*** Opening SOURCE DATA ***

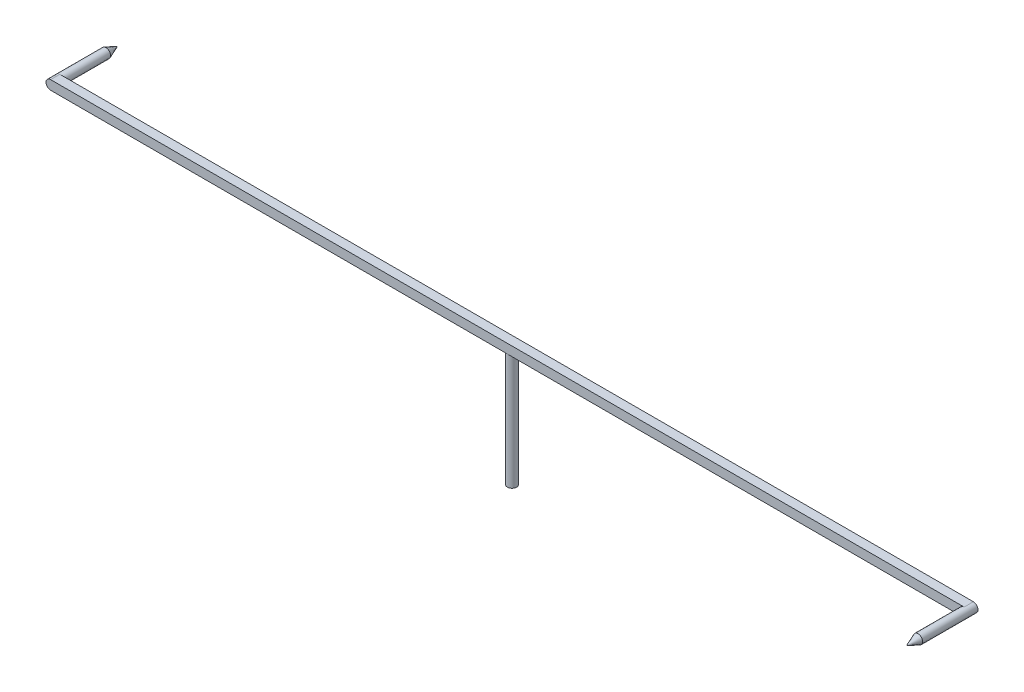
SolidWorks part; units mm, degrees
ref_plane "前视基准面" through (0, 0, 0) normal (0, 0, 1) x (1, 0, 0)
ref_plane "上视基准面" through (0, 0, 0) normal (0, 1, 0) x (1, 0, 0)
ref_plane "右视基准面" through (0, 0, 0) normal (1, 0, 0) x (0, 0, -1)
sketch "草图1" plane through (0, 0, 0) normal (0, 1, 0) x (1, 0, 0)
  circle A0 centre (0, 0) radius 0.4
  dimension "D1" = 0.8
extrude "凸台-拉伸1" add sketch "草图1" along normal blind 10
sketch "草图2" plane through (0, 10, 0) normal (0, 1, 0) x (1, 0, 0)
  line L1 (-40, 0.4) -> (40, 0.4)
  line L2 (-40, 0.4) -> (-40, -0.4)
  line L3 (-40, -0.4) -> (40, -0.4)
  line L4 (40, 0.4) -> (40, -0.4)
  circle A0 centre (0, 0) radius 0.4 construction
  dimension "D1" = 40
  dimension "D2" = 40
extrude "凸台-拉伸2" add sketch "草图2" along normal blind 0.8
fillet "圆角1" radius 0.4 4 edges at (40, 10, 0) (40, 10.8, 0) (-40, 10, 0) (-40, 10.8, 0)
sketch "草图3" plane through (0, 0, 0.4) normal (0, 0, 1) x (1, 0, 0)
  circle A0 centre (39.6, 10.4) radius 0.4
  dimension "D1" = 0.8
extrude "凸台-拉伸3" add sketch "草图3" along normal blind 4
sketch "草图4" plane through (0, 0, -0.4) normal (0, 0, -1) x (-1, 0, 0)
  circle A0 centre (39.6, 10.4) radius 0.4
  dimension "D1" = 0.8
extrude "凸台-拉伸4" add sketch "草图4" along normal blind 4
ref_plane "基准面1" through (0, 10.4, 0) normal (0, 1, 0) x (1, 0, 0)
sketch "草图5" plane through (0, 10.4, 0) normal (0, 1, 0) x (1, 0, 0)
  line L0 (39.6, -4.4) -> (39.6, -5.4)
  line L1 (39.2, -4.4) -> (40, -4.4) construction
  line L2 (40, -4.4) -> (39.6, -5.4)
  line L3 (39.6, -4.4) -> (40, -4.4)
  dimension "D1" = 1
revolve "旋转1" add sketch "草图5" angle 360 about L0
sketch "草图6" plane through (0, 10.4, 0) normal (0, 1, 0) x (1, 0, 0)
  line L0 (-39.6, 4.4) -> (-39.6, 5.4)
  line L1 (-39.2, 4.4) -> (-40, 4.4) construction
  line L2 (-39.6, 5.4) -> (-40, 4.4)
  line L3 (-40, 4.4) -> (-39.6, 4.4)
  dimension "D1" = 1
revolve "旋转2" add sketch "草图6" angle 360 about L0

*** Closing SOURCE DATA ***

WHAT IS EXPECTED:
Exactly as written, restate the lines above from the opening line through the one holding "line L0 (39.6, -4.4) -> (39.6, -5.4)", omitting the pictures.

WRITTEN SOLUTION:
SolidWorks part; units mm, degrees
ref_plane "前视基准面" through (0, 0, 0) normal (0, 0, 1) x (1, 0, 0)
ref_plane "上视基准面" through (0, 0, 0) normal (0, 1, 0) x (1, 0, 0)
ref_plane "右视基准面" through (0, 0, 0) normal (1, 0, 0) x (0, 0, -1)
sketch "草图1" plane through (0, 0, 0) normal (0, 1, 0) x (1, 0, 0)
  circle A0 centre (0, 0) radius 0.4
  dimension "D1" = 0.8
extrude "凸台-拉伸1" add sketch "草图1" along normal blind 10
sketch "草图2" plane through (0, 10, 0) normal (0, 1, 0) x (1, 0, 0)
  line L1 (-40, 0.4) -> (40, 0.4)
  line L2 (-40, 0.4) -> (-40, -0.4)
  line L3 (-40, -0.4) -> (40, -0.4)
  line L4 (40, 0.4) -> (40, -0.4)
  circle A0 centre (0, 0) radius 0.4 construction
  dimension "D1" = 40
  dimension "D2" = 40
extrude "凸台-拉伸2" add sketch "草图2" along normal blind 0.8
fillet "圆角1" radius 0.4 4 edges at (40, 10, 0) (40, 10.8, 0) (-40, 10, 0) (-40, 10.8, 0)
sketch "草图3" plane through (0, 0, 0.4) normal (0, 0, 1) x (1, 0, 0)
  circle A0 centre (39.6, 10.4) radius 0.4
  dimension "D1" = 0.8
extrude "凸台-拉伸3" add sketch "草图3" along normal blind 4
sketch "草图4" plane through (0, 0, -0.4) normal (0, 0, -1) x (-1, 0, 0)
  circle A0 centre (39.6, 10.4) radius 0.4
  dimension "D1" = 0.8
extrude "凸台-拉伸4" add sketch "草图4" along normal blind 4
ref_plane "基准面1" through (0, 10.4, 0) normal (0, 1, 0) x (1, 0, 0)
sketch "草图5" plane through (0, 10.4, 0) normal (0, 1, 0) x (1, 0, 0)
  line L0 (39.6, -4.4) -> (39.6, -5.4)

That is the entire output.